### Activity
Stop after the line that contains "Roboteach est un"; until then, restate each line of the entries word for word from the very first.

[Records excerpted from a collection]

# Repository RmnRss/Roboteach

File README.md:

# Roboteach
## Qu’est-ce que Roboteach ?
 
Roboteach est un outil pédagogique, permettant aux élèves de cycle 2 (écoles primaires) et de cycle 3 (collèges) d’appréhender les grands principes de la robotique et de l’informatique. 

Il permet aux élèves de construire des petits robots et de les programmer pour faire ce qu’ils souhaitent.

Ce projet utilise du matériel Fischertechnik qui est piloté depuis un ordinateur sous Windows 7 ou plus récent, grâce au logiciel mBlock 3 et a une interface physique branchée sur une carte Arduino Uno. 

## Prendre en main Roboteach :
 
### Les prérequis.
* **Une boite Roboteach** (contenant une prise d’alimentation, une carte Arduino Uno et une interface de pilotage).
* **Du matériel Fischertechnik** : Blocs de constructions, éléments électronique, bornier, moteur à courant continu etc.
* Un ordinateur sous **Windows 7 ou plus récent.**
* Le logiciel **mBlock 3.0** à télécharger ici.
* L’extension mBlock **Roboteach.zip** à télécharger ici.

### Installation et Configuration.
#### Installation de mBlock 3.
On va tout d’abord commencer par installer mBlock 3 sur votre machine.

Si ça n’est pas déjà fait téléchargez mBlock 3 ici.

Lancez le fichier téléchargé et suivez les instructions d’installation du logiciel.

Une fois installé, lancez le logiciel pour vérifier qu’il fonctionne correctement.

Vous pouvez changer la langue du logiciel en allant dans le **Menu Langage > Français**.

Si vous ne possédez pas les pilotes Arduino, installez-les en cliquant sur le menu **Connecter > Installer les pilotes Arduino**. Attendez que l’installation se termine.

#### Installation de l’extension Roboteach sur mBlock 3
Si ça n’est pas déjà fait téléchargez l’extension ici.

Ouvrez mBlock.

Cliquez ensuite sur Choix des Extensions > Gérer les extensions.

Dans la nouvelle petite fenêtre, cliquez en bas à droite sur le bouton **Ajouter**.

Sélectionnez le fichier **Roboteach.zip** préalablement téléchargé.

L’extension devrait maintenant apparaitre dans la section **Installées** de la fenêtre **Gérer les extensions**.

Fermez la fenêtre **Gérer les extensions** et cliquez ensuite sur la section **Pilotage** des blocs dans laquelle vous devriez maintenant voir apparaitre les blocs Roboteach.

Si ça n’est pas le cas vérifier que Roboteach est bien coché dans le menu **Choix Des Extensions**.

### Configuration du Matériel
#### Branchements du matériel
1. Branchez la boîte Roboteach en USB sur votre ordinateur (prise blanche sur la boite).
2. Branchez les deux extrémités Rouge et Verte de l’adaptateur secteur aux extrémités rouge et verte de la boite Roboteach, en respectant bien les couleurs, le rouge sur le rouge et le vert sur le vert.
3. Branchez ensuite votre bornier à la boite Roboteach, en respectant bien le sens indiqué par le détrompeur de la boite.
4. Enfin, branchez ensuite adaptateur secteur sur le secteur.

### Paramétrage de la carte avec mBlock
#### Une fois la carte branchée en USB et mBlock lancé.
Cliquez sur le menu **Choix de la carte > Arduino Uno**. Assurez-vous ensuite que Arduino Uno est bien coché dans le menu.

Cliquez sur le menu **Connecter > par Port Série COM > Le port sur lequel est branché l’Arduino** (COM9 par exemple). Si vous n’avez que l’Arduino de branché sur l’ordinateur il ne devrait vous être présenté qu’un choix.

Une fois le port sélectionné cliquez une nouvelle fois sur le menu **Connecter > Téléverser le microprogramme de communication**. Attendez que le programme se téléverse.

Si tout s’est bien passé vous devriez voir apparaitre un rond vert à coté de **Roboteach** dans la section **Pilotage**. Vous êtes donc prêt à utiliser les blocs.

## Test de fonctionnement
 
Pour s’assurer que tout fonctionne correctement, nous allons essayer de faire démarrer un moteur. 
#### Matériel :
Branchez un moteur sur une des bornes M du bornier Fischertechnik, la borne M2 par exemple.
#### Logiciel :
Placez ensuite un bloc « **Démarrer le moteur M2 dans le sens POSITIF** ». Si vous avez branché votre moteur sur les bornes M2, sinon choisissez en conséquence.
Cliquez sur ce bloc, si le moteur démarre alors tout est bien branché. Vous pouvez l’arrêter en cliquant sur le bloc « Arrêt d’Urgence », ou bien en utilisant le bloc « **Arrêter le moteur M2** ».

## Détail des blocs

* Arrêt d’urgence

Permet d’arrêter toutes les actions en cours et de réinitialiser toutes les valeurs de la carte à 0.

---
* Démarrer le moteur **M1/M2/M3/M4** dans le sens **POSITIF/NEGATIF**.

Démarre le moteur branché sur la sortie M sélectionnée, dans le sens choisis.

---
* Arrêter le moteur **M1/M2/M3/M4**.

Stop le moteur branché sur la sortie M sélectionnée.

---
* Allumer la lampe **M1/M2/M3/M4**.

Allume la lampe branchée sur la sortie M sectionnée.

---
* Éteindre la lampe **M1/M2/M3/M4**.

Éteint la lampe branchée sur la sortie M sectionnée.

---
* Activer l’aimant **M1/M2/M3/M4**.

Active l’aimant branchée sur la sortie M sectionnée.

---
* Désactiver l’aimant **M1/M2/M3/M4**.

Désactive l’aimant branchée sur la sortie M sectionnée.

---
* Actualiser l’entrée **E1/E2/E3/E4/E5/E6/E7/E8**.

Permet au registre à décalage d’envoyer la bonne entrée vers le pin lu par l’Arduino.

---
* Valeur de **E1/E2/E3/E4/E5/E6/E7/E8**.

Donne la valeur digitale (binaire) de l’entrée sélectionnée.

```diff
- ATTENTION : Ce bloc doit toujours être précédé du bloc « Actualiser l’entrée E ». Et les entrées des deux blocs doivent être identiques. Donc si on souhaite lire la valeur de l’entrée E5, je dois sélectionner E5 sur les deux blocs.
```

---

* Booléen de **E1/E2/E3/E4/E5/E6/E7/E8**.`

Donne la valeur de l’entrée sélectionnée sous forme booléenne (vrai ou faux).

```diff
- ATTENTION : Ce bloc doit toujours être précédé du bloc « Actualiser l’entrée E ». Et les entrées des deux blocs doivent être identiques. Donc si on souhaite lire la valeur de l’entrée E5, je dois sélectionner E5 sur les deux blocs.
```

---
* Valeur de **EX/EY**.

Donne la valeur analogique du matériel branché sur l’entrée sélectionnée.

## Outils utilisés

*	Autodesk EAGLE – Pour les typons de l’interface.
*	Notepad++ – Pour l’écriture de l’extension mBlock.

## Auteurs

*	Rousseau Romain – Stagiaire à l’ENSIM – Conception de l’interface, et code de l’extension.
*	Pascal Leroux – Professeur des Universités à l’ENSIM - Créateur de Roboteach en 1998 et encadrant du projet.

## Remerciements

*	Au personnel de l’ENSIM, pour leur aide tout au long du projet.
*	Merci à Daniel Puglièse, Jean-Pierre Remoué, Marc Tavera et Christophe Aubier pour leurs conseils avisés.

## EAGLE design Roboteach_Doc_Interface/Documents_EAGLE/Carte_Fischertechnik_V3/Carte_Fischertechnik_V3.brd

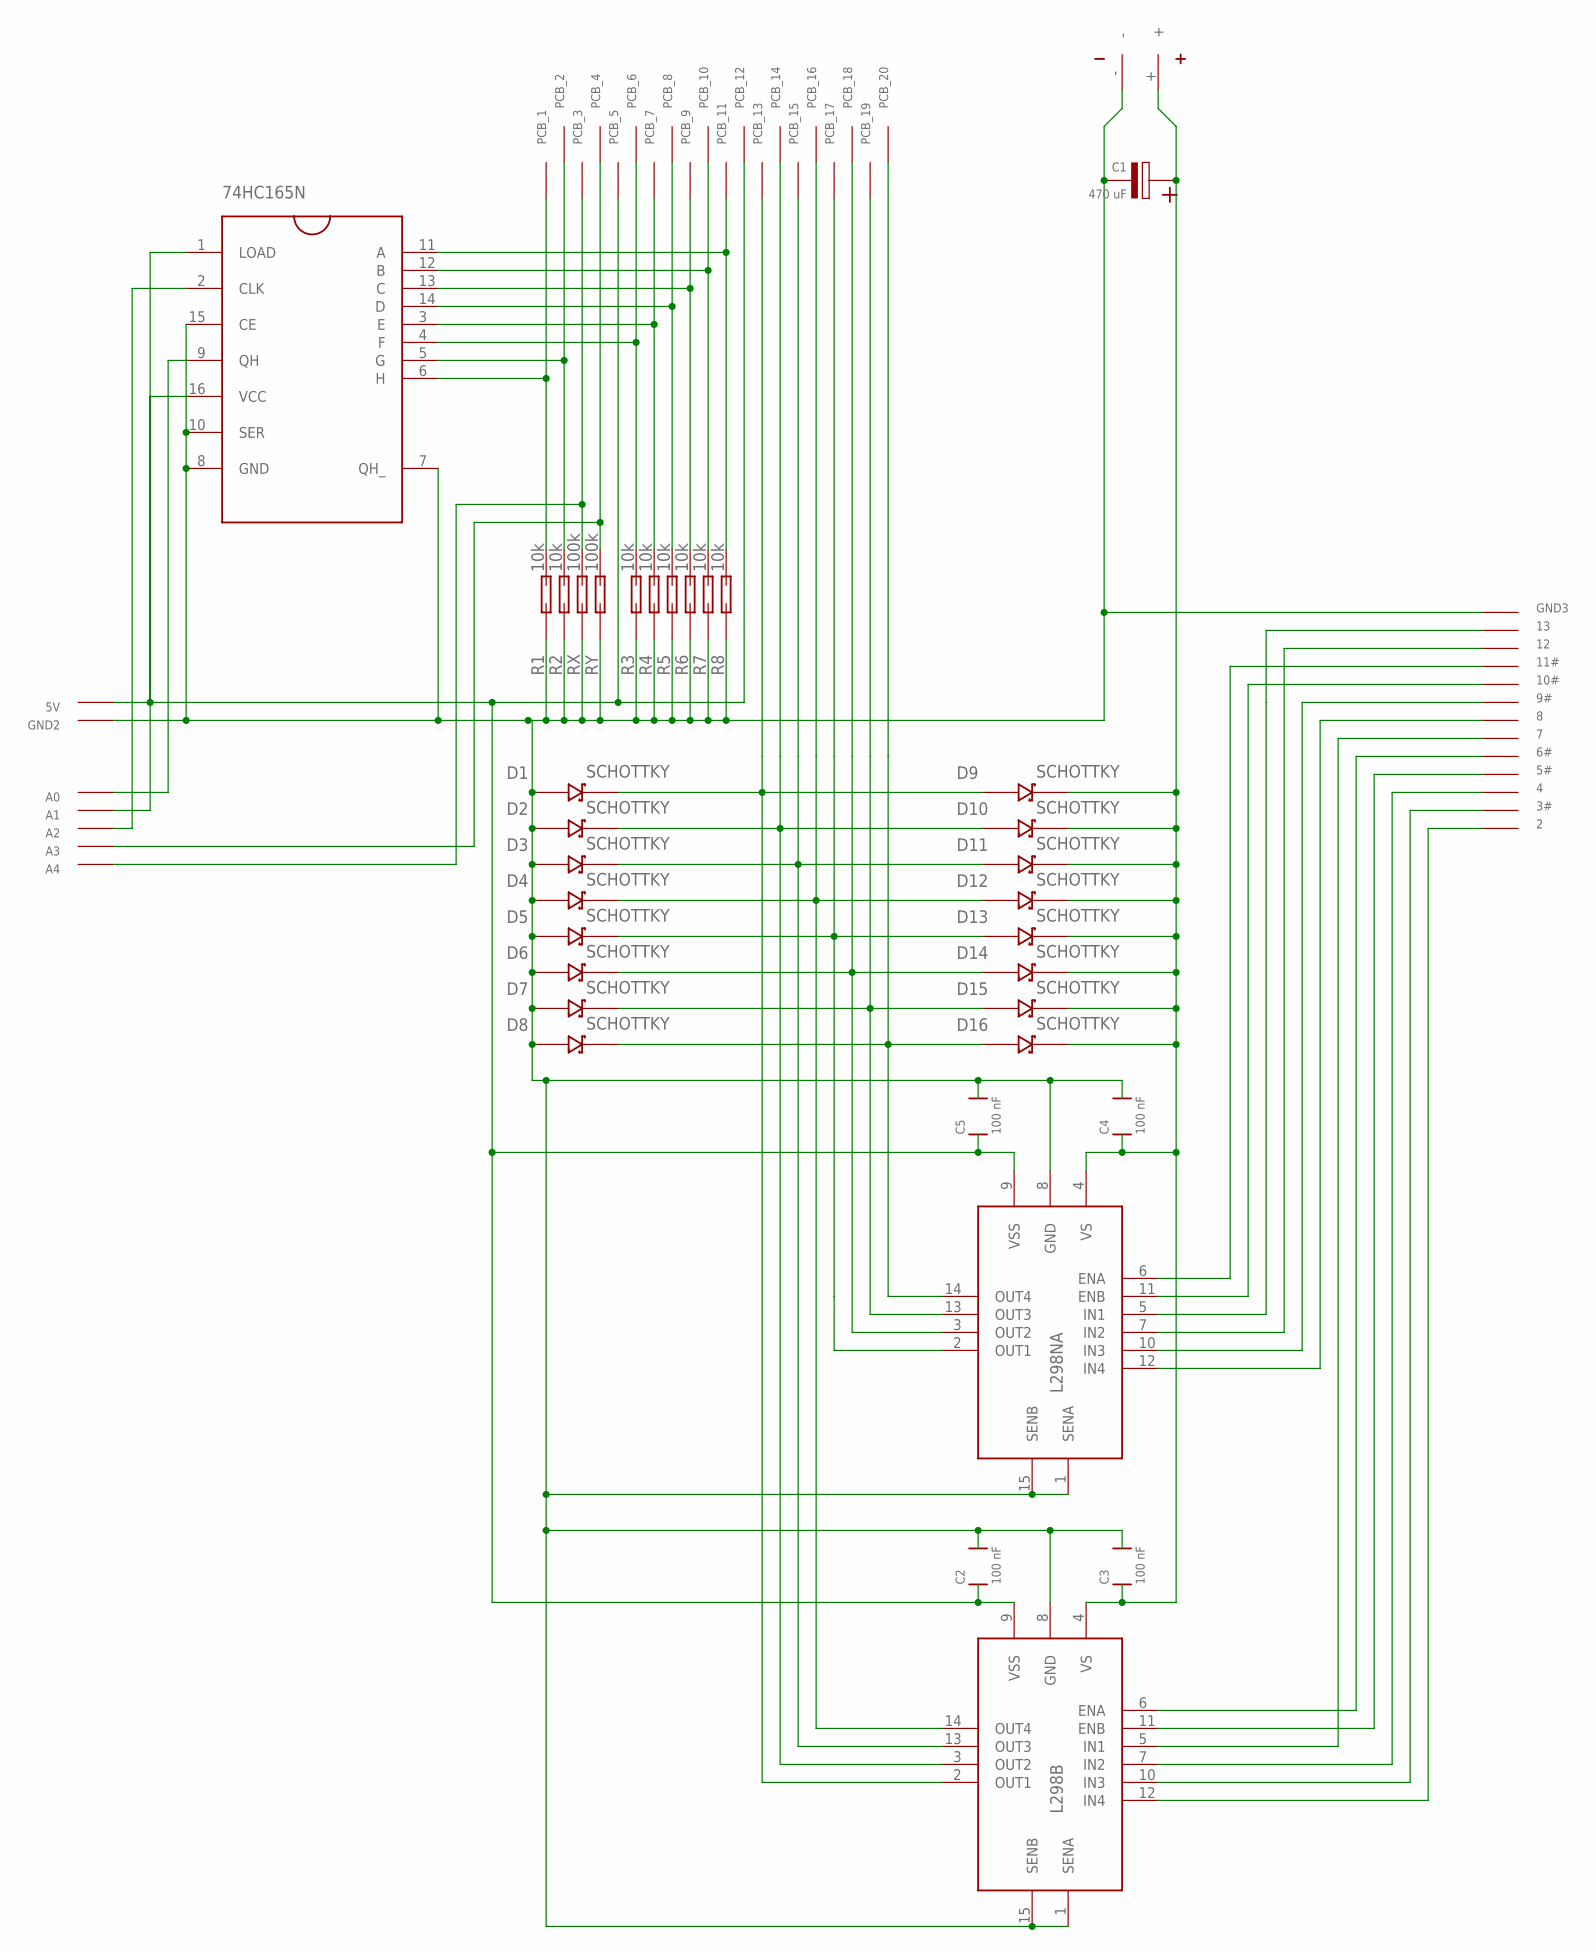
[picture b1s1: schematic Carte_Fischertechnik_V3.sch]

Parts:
2, 3#, 4, 5#, 6#, 7, 8, 9#, 10#, 11#, 12, 13: PAD_O
5V: 5V; PAD_O
74HC165N: 74HC165N
A0, A1, A2, A3, A4: PAD_O
C1: 470 uF; POLARIZED_CAPACITOR
C2, C3, C4, C5: 100 nF; CAPACITOR
D1, D2, D3, D4, D5, D6, D7, D8, D9, D10, D11, D12, D13, D14, D15, D16: SCHOTTKY
GND2: GND; PAD_O
GND3: PAD_O
L298B, L298NA: L298N
PCB_1, PCB_2, PCB_3, PCB_4, PCB_5, PCB_6, PCB_7, PCB_8, PCB_9, PCB_10, PCB_11, PCB_12, PCB_13, PCB_14, PCB_15, PCB_16, PCB_17, PCB_18, PCB_19, PCB_20: PAD_C
R1, R2, R3, R4, R5, R6, R7, R8: 10k; RESISTANCE
RX: 100k; RESISTANCE
RY: 100k; RESISTANCE
U$1: ADAPTATEUR_FTK

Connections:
unnamed: D1.+, D9.-, L298B.2 (OUT1), PCB_13.$1
unnamed: 5V.P$1, 74HC165N.16 (VCC), C2.P$1, C5.P$1, L298B.9 (VSS), L298NA.9 (VSS), PCB_5.$1, PCB_12.$1
unnamed: 74HC165N.5 (G), PCB_2.$1, R2.P$2 (B)
unnamed: D2.+, D10.-, L298B.3 (OUT2), PCB_14.$1
unnamed: D3.+, D11.-, L298B.13 (OUT3), PCB_15.$1
unnamed: 74HC165N.7 (QH_), 74HC165N.8 (GND), 74HC165N.10 (SER), 74HC165N.15 (CE), C1.P$2 (-), C2.P$2, C3.P$2, C4.P$2, C5.P$2, D1.-, D2.-, D3.-, D4.-, D5.-, D6.-, D7.-, D8.-, GND2.P$1, GND3.P$1, L298B.1 (SENA), L298B.8 (GND), L298B.15 (SENB), L298NA.1 (SENA), L298NA.8 (GND), L298NA.15 (SENB), R1.P$1 (A), R2.P$1 (A), R3.P$1 (A), R4.P$1 (A), R5.P$1 (A), R6.P$1 (A), R7.P$1 (A), R8.P$1 (A), RX.P$1 (A), RY.P$1 (A), U$1.-
unnamed: D5.+, D13.-, L298NA.2 (OUT1), PCB_17.$1
unnamed: C1.P$1 (+), C3.P$1, C4.P$1, D9.+, D10.+, D11.+, D12.+, D13.+, D14.+, D15.+, D16.+, L298B.4 (VS), L298NA.4 (VS), U$1.+
unnamed: D4.+, D12.-, L298B.14 (OUT4), PCB_16.$1
unnamed: 74HC165N.9 (QH), A0.P$1
unnamed: 74HC165N.2 (CLK), A2.P$1
unnamed: 74HC165N.1 (LOAD), A1.P$1
unnamed: 74HC165N.6 (H), PCB_1.$1, R1.P$2 (B)
unnamed: A4.P$1, PCB_3.$1, RX.P$2 (B)
unnamed: A3.P$1, PCB_4.$1, RY.P$2 (B)
unnamed: 74HC165N.4 (F), PCB_6.$1, R3.P$2 (B)
unnamed: 74HC165N.3 (E), PCB_7.$1, R4.P$2 (B)
unnamed: 74HC165N.14 (D), PCB_8.$1, R5.P$2 (B)
unnamed: 74HC165N.13 (C), PCB_9.$1, R6.P$2 (B)
unnamed: 74HC165N.12 (B), PCB_10.$1, R7.P$2 (B)
unnamed: 74HC165N.11 (A), PCB_11.$1, R8.P$2 (B)
unnamed: 11#.P$1, L298NA.6 (ENA)
unnamed: 10#.P$1, L298NA.11 (ENB)
unnamed: 13.P$1, L298NA.5 (IN1)
unnamed: 12.P$1, L298NA.7 (IN2)
unnamed: D6.+, D14.-, L298NA.3 (OUT2), PCB_18.$1
unnamed: D7.+, D15.-, L298NA.13 (OUT3), PCB_19.$1
unnamed: D8.+, D16.-, L298NA.14 (OUT4), PCB_20.$1
unnamed: 9#.P$1, L298NA.10 (IN3)
unnamed: 8.P$1, L298NA.12 (IN4)
unnamed: 7.P$1, L298B.5 (IN1)
unnamed: 6#.P$1, L298B.6 (ENA)
unnamed: 5#.P$1, L298B.11 (ENB)
unnamed: 4.P$1, L298B.7 (IN2)
unnamed: 3#.P$1, L298B.10 (IN3)
unnamed: 2.P$1, L298B.12 (IN4)

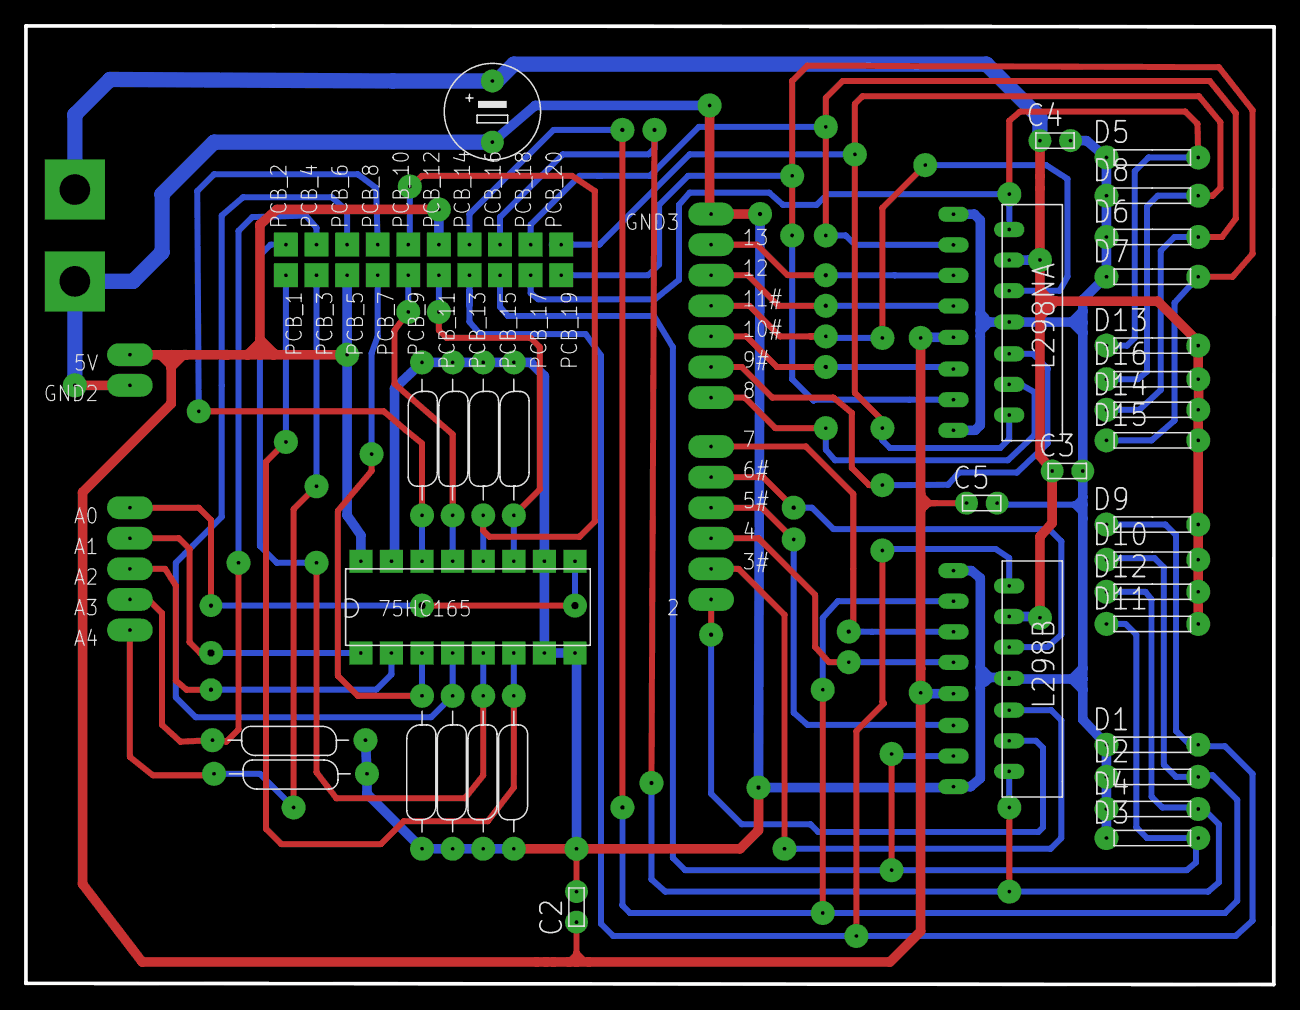
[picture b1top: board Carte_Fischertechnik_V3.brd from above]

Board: 2 copper layers, 103.6 x 79.6 mm, 75 parts (0 on the bottom side), 36 nets.

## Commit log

2018-02-27 First Push
2018-03-02 Dernière version
    02/03/2018
2018-06-01 Fichiers mBlock - Bug e-binaires 1bloc
    Fonctionnel sauf binaires qui demande 2 appuis
2018-06-15 Cleaning
2018-06-28 Python Fonctionnel
    Ajout de la classe Fischertechnik permettant de piloter les éléments depuis Python 3.6 grâce à la bibliotèque PyMata_AIO
2018-06-28 Nettoyage et Ajout
    Ajout des Documents - Datasheets, Pin Map, Projet EAGLE etc.
2018-07-04 add readme
2018-07-04 Adding ReadMe
2018-07-05 wording

### Solution to this problem
# Repository RmnRss/Roboteach

File README.md:

# Roboteach
## Qu’est-ce que Roboteach ?
 
Roboteach est un outil pédagogique, permettant aux élèves de cycle 2 (écoles primaires) et de cycle 3 (collèges) d’appréhender les grands principes de la robotique et de l’informatique. 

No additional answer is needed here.